Apple stated that the estimate by UPS is firm and that there's no way I'm getting mine Friday. It's arriving on the 25th. 

It sucks. I have a Fido pre-order that has in fact arrived at my local store yesterday that will be ready for pickup tomorrow morning. Apple is dropping the ball on their Canadian pre-orders.


----------



## Elric

Denjira said:


> Apple stated that the estimate by UPS is firm and that there's no way I'm getting mine Friday. It's arriving on the 25th.
> 
> It sucks. I have a Fido pre-order that has in fact arrived at my local store yesterday that will be ready for pickup tomorrow morning. Apple is dropping the ball on their Canadian pre-orders.


My UPS doesn't have a delivery date/time, just the apple email does.


----------



## Visnaut

UPS Status updated! It's in Concord, ON. Delivery date estimated for tomorrow!

To recap: 16GB Black, ordered from Apple Store Online 44m into availability. Now set to be delivered here in Toronto tomorrow by noon.


----------



## wilecoyote

Visnaut said:


> UPS Status updated! It's in Concord, ON. Delivery date estimated for tomorrow!


Mine too. Scheduled by end of day tomorrow.


----------



## Seagull21

Mine is also in concord. Delivery tomorrow by noon according to the non-mobile UPS page.


----------



## go_habs

Where has your delivery date/status been updated ?? I only received a delivery date earlier this morning in the email saying sept 25th. Just package mapped my phone and its in Burlington


----------



## DA187Suspect

gmark2000 said:


> Absolutely no consistency about buying the new nano-SIM from Rogers outlets. I personally don't think that upgrades should have to pay for the cards since it's the extension of the service we are buying.


Couldn't agree more. It's like selling us the phone without the charger.

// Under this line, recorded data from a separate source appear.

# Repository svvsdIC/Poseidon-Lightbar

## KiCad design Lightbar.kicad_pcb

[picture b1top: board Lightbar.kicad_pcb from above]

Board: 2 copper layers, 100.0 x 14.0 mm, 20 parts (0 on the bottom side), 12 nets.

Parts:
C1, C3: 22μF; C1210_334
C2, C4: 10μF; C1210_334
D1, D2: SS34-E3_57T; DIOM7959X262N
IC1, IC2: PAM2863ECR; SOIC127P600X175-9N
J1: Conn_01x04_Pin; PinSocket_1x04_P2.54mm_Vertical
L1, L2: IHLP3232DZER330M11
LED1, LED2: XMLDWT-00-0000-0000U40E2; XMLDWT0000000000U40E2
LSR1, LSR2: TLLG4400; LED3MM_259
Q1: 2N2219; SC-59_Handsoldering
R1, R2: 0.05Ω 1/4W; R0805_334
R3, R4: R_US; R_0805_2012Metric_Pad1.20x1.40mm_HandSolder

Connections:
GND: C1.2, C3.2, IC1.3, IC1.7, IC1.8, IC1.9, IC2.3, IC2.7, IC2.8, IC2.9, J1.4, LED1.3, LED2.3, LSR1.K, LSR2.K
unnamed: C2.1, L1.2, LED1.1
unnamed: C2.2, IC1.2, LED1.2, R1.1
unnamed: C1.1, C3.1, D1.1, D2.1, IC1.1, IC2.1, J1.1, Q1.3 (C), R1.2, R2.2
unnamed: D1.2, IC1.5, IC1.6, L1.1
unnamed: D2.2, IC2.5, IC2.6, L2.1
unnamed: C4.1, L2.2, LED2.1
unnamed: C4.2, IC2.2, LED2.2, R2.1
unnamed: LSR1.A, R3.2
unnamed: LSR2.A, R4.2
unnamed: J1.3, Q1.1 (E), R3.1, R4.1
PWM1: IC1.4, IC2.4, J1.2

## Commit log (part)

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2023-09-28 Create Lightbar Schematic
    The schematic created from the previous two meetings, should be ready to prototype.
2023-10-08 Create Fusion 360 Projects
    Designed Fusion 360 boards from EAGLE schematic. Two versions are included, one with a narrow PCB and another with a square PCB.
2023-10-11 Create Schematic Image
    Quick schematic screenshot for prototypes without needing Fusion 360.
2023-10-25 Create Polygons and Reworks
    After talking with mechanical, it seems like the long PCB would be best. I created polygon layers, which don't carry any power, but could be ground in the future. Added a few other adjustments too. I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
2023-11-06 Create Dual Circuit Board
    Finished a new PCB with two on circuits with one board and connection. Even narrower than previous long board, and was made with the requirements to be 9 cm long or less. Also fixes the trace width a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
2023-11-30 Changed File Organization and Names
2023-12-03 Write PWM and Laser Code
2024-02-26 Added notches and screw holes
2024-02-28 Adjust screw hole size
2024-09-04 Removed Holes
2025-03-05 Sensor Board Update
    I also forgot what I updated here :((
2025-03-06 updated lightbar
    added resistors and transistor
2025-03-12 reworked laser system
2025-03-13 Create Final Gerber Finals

F*ck outta here Rogers, gotta be one of the worse companies on the planet.


----------



## DA187Suspect

Just received an email from Rogers saying that my device is on it's way. Tried the UPS tracking # but no results as of yet, can't find anything. Guess I have to wait until the delivery person scans it into their system??? Would be nice to have for the weekend, but hey, there's more important things to worry about right?


----------



## Seagull21

go_habs said:


> Where has your delivery date/status been updated ?? I only received a delivery date earlier this morning in the email saying sept 25th. Just package mapped my phone and its in Burlington


No emails, just through the apple store (online or app - my phone is coming from Apple) and from there have gone to UPS with the tracking number. Mine was updated to In Transit/On Time at 1:30. A friend of mine who was on the outskirts of the GTA has not yet been updated either.



DA187Suspect said:


> Couldn't agree more. It's like selling us the phone without the charger. F*ck outta here Rogers, gotta be one of the worse companies on the planet.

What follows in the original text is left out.